Business Intelligence has been with us for quite a while now in one form or another, from the days of decision support systems of the 1970s through the coining of the term data warehousing in the early 1990s and the addition of OLAP (Online Analytical Processing) to our lexicon through to the current world of business intelligence.
By and large although technologies have come and gone during that time or undergone many changes, the processes that allow end users access to the data on which decisions are made have remained fairly constant.
In a nutshell, this process involves the extraction of data from operational systems and transforming the data into a format more suited for analysis.
The result is that organizations invest in a traditional BI stack or cherry pick best of breed solutions to suit their needs, and bypass those that they do not need.
The Traditional BI Stack
The term BI Stack refers to the multiple architectural layers inherent in the solution. These are described below at a high level.
ETL
This is the integration layer that enables the
extraction of data from a whole raft of
applications, databases and flat files. The key
players in this space are Informatica, Ab
Initio, Business Objects, Microsoft and IBM
through their acquisition of Ascential.
Staging
There are not many BI projects in this day and
age that do not require some form of staging
area separate to the data warehouse. This
staging area acts as
- a landing area for incoming data from multiple source systems.
- for the application of business rules upon the incoming data
- cleansing and consolidation of data
- transforming the data ready to load into the data warehouse.
Whether you advocate the normalized approach of Inmon or the dimensional approach of Kimball, this stage is the key piece in the architectural jigsaw of the typical BI project. A data warehouse is a central repository for all, or a significant part of the data that can be collected by an enterprises various business systems. This is an area that all of the major database vendors are now onboard with and they enable their software to be configured specifically for decision support.
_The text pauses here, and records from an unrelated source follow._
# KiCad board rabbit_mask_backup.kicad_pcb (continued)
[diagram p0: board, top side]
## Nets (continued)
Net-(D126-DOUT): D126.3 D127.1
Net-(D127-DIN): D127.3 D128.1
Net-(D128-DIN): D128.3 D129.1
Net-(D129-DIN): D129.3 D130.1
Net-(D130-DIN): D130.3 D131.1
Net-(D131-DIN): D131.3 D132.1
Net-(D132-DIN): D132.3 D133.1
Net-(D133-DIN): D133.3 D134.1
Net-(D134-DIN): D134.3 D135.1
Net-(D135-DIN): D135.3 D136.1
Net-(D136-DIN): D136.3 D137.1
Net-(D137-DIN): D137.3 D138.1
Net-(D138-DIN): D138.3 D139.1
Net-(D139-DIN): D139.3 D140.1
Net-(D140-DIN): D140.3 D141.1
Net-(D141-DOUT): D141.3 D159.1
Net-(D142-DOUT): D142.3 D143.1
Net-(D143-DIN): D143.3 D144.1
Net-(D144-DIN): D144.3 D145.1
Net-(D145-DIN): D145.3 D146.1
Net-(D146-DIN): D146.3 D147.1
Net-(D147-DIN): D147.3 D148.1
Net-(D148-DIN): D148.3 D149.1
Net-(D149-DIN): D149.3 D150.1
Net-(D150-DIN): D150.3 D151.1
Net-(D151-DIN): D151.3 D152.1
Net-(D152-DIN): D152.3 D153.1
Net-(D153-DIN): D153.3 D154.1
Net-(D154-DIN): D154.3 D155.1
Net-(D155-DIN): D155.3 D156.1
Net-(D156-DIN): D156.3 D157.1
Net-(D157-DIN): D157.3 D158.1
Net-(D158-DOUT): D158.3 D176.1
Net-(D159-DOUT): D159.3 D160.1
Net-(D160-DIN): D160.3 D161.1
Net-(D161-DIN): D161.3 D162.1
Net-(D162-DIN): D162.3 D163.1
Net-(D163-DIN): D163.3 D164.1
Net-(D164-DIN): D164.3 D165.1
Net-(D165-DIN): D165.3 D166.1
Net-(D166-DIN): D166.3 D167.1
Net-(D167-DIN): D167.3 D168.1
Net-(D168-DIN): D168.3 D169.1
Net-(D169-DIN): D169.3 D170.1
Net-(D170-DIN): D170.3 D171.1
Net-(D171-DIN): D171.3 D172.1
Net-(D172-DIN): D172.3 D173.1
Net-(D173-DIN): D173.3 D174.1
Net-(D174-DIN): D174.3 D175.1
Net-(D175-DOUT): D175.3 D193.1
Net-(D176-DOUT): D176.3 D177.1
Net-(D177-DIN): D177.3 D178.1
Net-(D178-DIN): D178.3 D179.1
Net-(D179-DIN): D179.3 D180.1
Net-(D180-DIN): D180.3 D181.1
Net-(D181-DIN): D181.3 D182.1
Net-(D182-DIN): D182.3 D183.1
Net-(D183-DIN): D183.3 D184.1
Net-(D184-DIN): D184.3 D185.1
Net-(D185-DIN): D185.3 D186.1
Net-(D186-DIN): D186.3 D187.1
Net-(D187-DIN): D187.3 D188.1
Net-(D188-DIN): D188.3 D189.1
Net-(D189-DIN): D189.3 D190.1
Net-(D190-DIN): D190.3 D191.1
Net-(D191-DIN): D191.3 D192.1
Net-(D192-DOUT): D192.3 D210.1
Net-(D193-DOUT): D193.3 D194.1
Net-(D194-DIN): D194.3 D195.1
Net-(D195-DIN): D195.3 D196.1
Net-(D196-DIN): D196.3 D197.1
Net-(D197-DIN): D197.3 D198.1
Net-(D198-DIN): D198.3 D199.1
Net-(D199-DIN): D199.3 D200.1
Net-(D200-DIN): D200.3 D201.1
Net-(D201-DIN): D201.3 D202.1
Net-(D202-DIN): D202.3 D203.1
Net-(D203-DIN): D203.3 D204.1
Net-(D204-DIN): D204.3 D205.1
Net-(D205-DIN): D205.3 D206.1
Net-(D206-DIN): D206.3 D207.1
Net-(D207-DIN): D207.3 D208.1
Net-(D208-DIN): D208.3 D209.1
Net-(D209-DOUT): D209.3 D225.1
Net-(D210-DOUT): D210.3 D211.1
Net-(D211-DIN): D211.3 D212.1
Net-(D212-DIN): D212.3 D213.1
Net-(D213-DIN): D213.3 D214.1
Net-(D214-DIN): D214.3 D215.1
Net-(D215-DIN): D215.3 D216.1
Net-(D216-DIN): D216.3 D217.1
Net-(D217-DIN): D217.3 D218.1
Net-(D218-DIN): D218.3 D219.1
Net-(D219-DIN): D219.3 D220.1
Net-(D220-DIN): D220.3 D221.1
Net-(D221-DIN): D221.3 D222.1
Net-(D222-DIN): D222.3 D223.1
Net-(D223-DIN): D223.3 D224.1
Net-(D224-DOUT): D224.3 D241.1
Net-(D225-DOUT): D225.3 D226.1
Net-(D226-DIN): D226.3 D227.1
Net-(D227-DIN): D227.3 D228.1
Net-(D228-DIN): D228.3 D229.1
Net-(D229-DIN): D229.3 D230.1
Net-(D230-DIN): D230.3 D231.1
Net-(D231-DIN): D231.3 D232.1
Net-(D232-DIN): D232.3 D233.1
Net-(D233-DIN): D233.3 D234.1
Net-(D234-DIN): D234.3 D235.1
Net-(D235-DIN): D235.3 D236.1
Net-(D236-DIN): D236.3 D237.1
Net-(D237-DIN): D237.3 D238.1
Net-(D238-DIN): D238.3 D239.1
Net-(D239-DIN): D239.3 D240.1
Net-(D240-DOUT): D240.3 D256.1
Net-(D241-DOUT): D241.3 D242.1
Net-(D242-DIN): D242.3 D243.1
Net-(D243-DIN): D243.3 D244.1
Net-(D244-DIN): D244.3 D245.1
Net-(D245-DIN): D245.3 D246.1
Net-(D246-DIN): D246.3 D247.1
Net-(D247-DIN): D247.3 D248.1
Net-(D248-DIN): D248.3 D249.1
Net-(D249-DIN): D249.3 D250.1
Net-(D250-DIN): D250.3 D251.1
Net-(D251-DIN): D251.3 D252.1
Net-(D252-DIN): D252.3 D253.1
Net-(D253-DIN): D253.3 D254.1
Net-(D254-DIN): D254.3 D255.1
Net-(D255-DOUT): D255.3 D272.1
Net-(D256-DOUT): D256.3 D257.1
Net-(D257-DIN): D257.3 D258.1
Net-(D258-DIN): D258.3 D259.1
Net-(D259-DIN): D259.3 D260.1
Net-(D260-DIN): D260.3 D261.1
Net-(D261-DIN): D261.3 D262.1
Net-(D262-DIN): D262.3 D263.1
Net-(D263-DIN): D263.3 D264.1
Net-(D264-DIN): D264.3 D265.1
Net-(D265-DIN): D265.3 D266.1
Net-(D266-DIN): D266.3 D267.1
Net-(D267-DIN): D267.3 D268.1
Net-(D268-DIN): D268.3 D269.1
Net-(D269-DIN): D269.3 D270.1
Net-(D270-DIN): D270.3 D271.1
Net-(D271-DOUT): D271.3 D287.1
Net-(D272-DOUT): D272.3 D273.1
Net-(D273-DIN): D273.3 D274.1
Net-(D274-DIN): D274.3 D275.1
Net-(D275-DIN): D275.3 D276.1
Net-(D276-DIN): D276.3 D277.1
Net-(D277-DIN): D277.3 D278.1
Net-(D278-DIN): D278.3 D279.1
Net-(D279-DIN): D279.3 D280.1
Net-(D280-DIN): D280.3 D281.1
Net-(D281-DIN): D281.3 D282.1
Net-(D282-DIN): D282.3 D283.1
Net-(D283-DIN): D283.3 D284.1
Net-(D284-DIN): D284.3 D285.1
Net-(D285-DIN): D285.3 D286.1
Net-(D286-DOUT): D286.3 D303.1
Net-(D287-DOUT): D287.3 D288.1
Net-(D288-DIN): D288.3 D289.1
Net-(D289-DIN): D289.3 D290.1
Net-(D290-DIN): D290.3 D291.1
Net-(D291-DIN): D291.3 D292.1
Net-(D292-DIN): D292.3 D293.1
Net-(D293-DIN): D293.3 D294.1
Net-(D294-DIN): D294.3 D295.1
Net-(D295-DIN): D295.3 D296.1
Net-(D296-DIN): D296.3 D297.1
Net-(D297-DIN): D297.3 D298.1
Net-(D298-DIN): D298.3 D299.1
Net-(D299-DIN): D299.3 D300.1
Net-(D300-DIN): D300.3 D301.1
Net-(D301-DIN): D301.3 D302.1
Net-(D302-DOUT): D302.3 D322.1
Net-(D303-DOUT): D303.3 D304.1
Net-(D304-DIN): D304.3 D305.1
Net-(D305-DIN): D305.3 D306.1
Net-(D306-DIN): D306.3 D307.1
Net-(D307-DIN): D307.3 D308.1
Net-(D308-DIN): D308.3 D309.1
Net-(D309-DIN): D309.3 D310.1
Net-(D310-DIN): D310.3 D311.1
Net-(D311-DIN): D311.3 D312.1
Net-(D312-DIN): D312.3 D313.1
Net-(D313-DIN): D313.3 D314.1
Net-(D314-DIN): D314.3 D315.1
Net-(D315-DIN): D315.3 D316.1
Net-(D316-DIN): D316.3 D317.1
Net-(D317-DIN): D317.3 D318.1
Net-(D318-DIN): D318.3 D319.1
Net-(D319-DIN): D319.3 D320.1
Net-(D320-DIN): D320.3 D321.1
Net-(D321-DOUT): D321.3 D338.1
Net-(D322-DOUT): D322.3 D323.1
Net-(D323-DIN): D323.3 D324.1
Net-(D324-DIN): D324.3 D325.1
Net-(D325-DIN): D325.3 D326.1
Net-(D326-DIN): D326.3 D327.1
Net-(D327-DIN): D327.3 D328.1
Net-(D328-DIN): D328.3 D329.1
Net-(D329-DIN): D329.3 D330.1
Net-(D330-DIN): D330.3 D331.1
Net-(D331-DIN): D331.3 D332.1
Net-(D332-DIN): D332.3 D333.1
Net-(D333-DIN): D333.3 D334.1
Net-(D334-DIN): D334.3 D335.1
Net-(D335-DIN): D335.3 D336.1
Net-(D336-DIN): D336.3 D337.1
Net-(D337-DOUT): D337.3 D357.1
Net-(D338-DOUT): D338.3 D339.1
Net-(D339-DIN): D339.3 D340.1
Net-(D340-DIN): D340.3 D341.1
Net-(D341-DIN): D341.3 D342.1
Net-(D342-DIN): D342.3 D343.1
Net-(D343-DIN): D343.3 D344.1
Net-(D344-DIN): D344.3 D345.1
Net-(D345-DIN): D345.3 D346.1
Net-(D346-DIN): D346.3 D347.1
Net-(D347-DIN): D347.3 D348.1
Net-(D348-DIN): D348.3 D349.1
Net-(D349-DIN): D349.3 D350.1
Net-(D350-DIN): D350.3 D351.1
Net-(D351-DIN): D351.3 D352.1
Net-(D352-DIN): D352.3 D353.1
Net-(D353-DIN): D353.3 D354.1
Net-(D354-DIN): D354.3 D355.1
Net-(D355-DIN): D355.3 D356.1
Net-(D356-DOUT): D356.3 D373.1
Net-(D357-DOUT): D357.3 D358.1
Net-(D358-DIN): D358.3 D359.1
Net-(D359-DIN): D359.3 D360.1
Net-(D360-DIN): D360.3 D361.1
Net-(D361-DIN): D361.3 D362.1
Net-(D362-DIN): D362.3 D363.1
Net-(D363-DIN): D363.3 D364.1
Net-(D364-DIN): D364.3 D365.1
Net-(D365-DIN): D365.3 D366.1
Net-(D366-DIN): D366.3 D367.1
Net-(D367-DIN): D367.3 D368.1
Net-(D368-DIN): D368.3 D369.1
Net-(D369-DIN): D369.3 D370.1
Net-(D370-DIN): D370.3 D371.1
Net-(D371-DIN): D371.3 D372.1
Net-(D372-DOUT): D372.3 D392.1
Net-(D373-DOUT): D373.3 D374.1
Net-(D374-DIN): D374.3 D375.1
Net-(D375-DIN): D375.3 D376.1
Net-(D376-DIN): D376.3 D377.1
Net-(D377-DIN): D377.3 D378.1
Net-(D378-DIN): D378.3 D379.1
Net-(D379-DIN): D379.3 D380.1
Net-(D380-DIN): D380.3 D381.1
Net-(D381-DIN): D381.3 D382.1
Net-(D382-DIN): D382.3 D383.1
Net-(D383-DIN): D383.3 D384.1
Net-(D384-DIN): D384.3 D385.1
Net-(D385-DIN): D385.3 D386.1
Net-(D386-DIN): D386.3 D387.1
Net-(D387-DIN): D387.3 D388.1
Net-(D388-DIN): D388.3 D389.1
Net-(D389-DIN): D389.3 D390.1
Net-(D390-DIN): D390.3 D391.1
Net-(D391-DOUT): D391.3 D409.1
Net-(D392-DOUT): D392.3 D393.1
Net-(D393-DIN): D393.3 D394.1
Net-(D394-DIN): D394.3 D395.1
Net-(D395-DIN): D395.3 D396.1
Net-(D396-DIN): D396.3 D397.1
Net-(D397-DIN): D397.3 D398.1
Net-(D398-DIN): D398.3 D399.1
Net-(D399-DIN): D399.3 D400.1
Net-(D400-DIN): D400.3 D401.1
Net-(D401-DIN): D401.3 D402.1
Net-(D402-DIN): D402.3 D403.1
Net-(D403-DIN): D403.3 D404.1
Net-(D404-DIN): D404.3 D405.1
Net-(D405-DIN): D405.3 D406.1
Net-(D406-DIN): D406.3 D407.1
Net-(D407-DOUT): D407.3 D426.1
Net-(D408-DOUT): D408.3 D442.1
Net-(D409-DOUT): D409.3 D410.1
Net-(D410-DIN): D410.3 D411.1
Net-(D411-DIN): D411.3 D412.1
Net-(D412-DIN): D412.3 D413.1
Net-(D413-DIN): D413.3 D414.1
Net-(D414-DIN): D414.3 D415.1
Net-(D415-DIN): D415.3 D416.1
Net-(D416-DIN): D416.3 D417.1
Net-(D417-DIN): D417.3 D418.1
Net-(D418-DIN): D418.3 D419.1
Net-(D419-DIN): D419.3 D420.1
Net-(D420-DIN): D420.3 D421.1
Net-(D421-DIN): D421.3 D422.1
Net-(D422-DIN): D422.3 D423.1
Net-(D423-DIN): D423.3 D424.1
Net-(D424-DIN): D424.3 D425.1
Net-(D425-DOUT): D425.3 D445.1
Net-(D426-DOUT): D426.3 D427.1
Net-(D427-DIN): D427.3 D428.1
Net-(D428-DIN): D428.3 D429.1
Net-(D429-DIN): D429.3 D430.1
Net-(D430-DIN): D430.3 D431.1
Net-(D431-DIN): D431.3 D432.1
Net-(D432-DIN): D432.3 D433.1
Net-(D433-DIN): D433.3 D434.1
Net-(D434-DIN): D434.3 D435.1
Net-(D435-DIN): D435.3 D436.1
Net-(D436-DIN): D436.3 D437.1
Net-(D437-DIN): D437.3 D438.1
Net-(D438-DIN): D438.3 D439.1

The key players are Oracle, Microsoft, Teradata and IBM.
Data Marts/OLAP Cubes
Typically, there is a layer of abstraction
between the end user and the data warehouse, and
this is where there is the most diversification
in terms of approach. The two main routes that
can be taken are either relational or
multi-dimensional.
Relational OLAP (ROLAP) uses a relational database to store data in either a star schema or snowflake data marts containing data aggregated to a higher level that in the atomic level data warehouse. The advantage of this is that the data is accessible by SQL meaning that you do not require a business intelligence tool to access the data. ROLAP databases tend to be very scalable and allow for the storage of vast amounts of data within their structures.
Multi-dimensional OLAP (MOLAP) The arrangement of data into cubes avoids a limitation of relational databases which are not best suited for near instantaneous analysis of large amounts of data. OLAP cubes conceptually are extensions to the two-dimensional array of a spreadsheet. For example an organisation might wish to analyse some financial data (measures) by product, by time-period, by city, by type of revenue and cost, and by comparing actual data with a budget. These additional methods of analysing the data are known as dimensions. Recently many OLAP vendors have embraced a standardised query language for cubes called Multidimensional Expressions (MDX).
Presentation Layer
This layer consists of how the user interacts
with the data, from applications as simple as an
Excel spreadsheet to complex data mining
applications. At a high level, these business
intelligence tools fall into one of two camps.
There are query, reporting and analysis tools
and advanced analytics.
Query, Reporting & Analysis tools
These tools
include ad-hoc query and multidimensional
analysis tools as well as dashboards. These
tools offer rows and column reporting, the
ability to show data in a chart , and the
ability to be able to slice and dice data to
easily change the layout of a report and drill
through dimension hierarchies in order to show
summary or detail figures.
Advanced Analytics
These tools include data
mining and statistical analysis applications
which use technologies such as neural networks,
clustering and Bayesian Classifiers among others
to establish relationships in the data that may
be too complex to be extracted using
query/analysis tools. This enables predictions
to be made based on past behaviour.
Often solutions comprise of software sourced from multiple vendors to cover each layer of the stack and it is the job of IT and/or outside help to make them all fit together. While this gives you the ability to take best of breed solutions specifically designed from the ground up for that purpose, this can prove to be a difficult task, owing to different technologies and platforms and it is no surprise that recent changes has seen some vendors moving to a deep vertical often integrated product offering across the whole BI stack.
Among these it is the more traditional technology stack players such as Microsoft and Oracle who are moving more and more into this space offering a one-stop-shop for all things BI related. Oracle has Oracle 10g, Warehouse Builder at the back-end and following their purchase of Hyperion, they have a strong offering at the front-end too. Microsoft has the current release of SQL Server (2008) and its suite of integrated BI applications (Integration Services, Analysis Services and Reporting Services).